+++ SUPPLIED RECORDS
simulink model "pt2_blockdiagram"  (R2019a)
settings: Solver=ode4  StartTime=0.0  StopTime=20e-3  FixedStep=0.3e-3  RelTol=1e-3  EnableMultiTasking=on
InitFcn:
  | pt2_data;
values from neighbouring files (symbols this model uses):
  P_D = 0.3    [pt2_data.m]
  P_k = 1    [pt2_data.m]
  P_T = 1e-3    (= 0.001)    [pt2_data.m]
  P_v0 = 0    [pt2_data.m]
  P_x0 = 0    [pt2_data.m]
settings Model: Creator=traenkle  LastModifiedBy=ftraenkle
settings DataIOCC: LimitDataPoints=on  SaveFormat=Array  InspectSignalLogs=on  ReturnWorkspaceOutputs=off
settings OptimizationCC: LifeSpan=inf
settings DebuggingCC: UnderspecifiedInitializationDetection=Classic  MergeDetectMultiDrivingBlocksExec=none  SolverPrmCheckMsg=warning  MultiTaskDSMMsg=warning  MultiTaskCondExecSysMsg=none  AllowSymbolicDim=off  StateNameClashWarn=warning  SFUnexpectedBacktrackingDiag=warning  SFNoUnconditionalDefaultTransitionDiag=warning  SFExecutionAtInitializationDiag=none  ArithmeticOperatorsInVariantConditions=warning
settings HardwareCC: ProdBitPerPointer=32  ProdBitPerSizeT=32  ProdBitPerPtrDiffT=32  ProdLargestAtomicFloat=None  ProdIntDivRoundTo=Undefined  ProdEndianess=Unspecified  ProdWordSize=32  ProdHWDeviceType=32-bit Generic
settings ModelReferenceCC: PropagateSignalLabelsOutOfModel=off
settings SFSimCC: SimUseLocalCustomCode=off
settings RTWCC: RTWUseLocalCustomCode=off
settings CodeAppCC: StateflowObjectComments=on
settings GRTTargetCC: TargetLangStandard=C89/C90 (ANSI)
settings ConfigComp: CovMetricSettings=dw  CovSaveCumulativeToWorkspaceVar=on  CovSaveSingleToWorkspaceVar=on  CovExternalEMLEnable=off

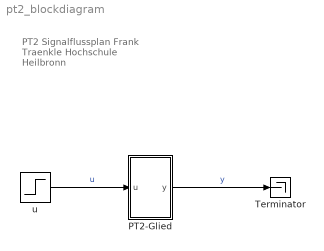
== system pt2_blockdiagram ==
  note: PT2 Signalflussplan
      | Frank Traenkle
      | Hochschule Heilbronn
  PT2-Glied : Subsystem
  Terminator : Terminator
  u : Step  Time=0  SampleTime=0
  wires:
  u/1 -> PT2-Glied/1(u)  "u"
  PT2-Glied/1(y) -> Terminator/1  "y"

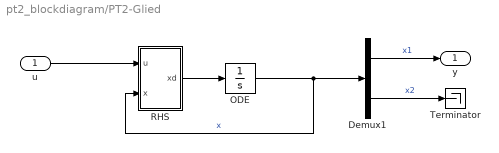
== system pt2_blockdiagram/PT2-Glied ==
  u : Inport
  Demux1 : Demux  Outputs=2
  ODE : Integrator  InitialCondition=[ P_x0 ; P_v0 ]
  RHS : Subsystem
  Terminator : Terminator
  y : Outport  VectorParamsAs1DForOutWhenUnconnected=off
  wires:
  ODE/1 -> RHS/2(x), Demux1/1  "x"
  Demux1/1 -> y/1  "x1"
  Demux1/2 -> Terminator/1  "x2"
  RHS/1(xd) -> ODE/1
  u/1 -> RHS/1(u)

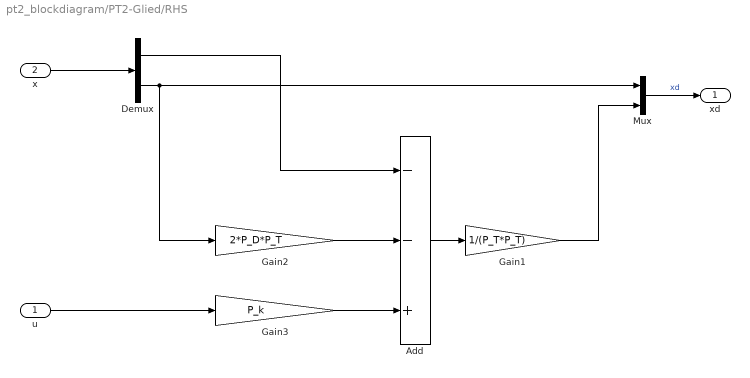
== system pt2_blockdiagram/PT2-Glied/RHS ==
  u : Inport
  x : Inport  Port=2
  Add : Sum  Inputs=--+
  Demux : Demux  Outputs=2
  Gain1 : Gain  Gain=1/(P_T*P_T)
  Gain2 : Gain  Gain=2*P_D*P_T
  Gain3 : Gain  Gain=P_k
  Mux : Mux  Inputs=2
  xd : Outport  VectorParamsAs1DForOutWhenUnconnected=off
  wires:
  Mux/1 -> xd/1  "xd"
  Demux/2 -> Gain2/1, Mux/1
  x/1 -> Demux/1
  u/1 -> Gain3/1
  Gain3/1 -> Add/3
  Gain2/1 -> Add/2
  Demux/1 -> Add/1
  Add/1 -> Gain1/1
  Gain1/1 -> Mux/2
++++++
__AIM OF THE EXERCISE__: The lines from the one with "xd : Outport" through the final line of the data are to be reproduced exactly, both included, with no other lines.

__TASK RESULT__:
  xd : Outport  VectorParamsAs1DForOutWhenUnconnected=off
  wires:
  Mux/1 -> xd/1  "xd"
  Demux/2 -> Gain2/1, Mux/1
  x/1 -> Demux/1
  u/1 -> Gain3/1
  Gain3/1 -> Add/3
  Gain2/1 -> Add/2
  Demux/1 -> Add/1
  Add/1 -> Gain1/1
  Gain1/1 -> Mux/2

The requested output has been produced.